WORK INSTRUCTIONS:
Nothing but the lines from the one containing "# F0 (on Front) → F1 (new body)" through the end of the entries below should be set down, each exactly as written.

(Entries taken from a collection)
============

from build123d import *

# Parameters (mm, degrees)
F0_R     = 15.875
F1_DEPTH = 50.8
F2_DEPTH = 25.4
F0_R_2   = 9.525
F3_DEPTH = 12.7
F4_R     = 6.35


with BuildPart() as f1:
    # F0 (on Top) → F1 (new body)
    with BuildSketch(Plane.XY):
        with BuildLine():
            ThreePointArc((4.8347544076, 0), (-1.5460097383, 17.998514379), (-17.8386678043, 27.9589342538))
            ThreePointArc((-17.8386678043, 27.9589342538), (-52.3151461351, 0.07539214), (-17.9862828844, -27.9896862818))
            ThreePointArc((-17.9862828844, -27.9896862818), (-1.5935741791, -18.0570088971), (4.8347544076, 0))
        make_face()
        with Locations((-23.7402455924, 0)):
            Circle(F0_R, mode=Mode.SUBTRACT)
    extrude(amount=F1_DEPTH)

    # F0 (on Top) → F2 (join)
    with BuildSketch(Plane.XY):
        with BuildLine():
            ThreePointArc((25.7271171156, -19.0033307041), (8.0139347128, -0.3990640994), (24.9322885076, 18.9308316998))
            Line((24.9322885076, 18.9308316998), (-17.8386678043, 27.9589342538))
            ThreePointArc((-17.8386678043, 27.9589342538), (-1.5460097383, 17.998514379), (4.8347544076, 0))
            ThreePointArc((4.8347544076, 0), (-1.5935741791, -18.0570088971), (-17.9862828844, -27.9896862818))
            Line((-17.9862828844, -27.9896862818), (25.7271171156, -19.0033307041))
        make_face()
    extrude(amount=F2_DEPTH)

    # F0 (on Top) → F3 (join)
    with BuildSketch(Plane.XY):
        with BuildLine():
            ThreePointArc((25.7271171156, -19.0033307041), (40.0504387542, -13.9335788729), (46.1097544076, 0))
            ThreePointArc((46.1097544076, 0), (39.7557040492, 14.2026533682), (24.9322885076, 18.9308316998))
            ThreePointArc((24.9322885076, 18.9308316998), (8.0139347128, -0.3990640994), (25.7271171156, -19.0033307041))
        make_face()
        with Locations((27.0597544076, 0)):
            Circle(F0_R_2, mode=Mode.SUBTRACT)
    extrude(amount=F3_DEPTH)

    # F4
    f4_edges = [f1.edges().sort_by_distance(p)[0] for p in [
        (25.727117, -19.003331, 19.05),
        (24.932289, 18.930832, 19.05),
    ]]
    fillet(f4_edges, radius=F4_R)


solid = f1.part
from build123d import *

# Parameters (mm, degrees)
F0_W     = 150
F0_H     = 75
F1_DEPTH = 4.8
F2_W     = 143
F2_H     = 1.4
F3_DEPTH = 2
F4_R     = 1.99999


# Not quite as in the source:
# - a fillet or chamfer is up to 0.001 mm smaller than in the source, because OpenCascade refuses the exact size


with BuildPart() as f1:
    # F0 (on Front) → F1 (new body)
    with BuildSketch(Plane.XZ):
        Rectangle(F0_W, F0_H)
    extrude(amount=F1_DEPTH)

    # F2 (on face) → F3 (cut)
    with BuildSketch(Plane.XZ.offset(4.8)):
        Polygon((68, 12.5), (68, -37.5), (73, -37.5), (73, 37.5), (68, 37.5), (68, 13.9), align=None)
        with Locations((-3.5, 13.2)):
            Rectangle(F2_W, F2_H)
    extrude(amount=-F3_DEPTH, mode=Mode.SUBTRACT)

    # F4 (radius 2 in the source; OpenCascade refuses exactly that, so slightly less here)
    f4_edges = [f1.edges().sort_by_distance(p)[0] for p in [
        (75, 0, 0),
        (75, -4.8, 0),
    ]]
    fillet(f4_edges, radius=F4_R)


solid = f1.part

============

ANSWER AREA:
    # F0 (on Front) → F1 (new body)
    with BuildSketch(Plane.XZ):
        Rectangle(F0_W, F0_H)
    extrude(amount=F1_DEPTH)

    # F2 (on face) → F3 (cut)
    with BuildSketch(Plane.XZ.offset(4.8)):
        Polygon((68, 12.5), (68, -37.5), (73, -37.5), (73, 37.5), (68, 37.5), (68, 13.9), align=None)
        with Locations((-3.5, 13.2)):
            Rectangle(F2_W, F2_H)
    extrude(amount=-F3_DEPTH, mode=Mode.SUBTRACT)

    # F4 (radius 2 in the source; OpenCascade refuses exactly that, so slightly less here)
    f4_edges = [f1.edges().sort_by_distance(p)[0] for p in [
        (75, 0, 0),
        (75, -4.8, 0),
    ]]
    fillet(f4_edges, radius=F4_R)


solid = f1.part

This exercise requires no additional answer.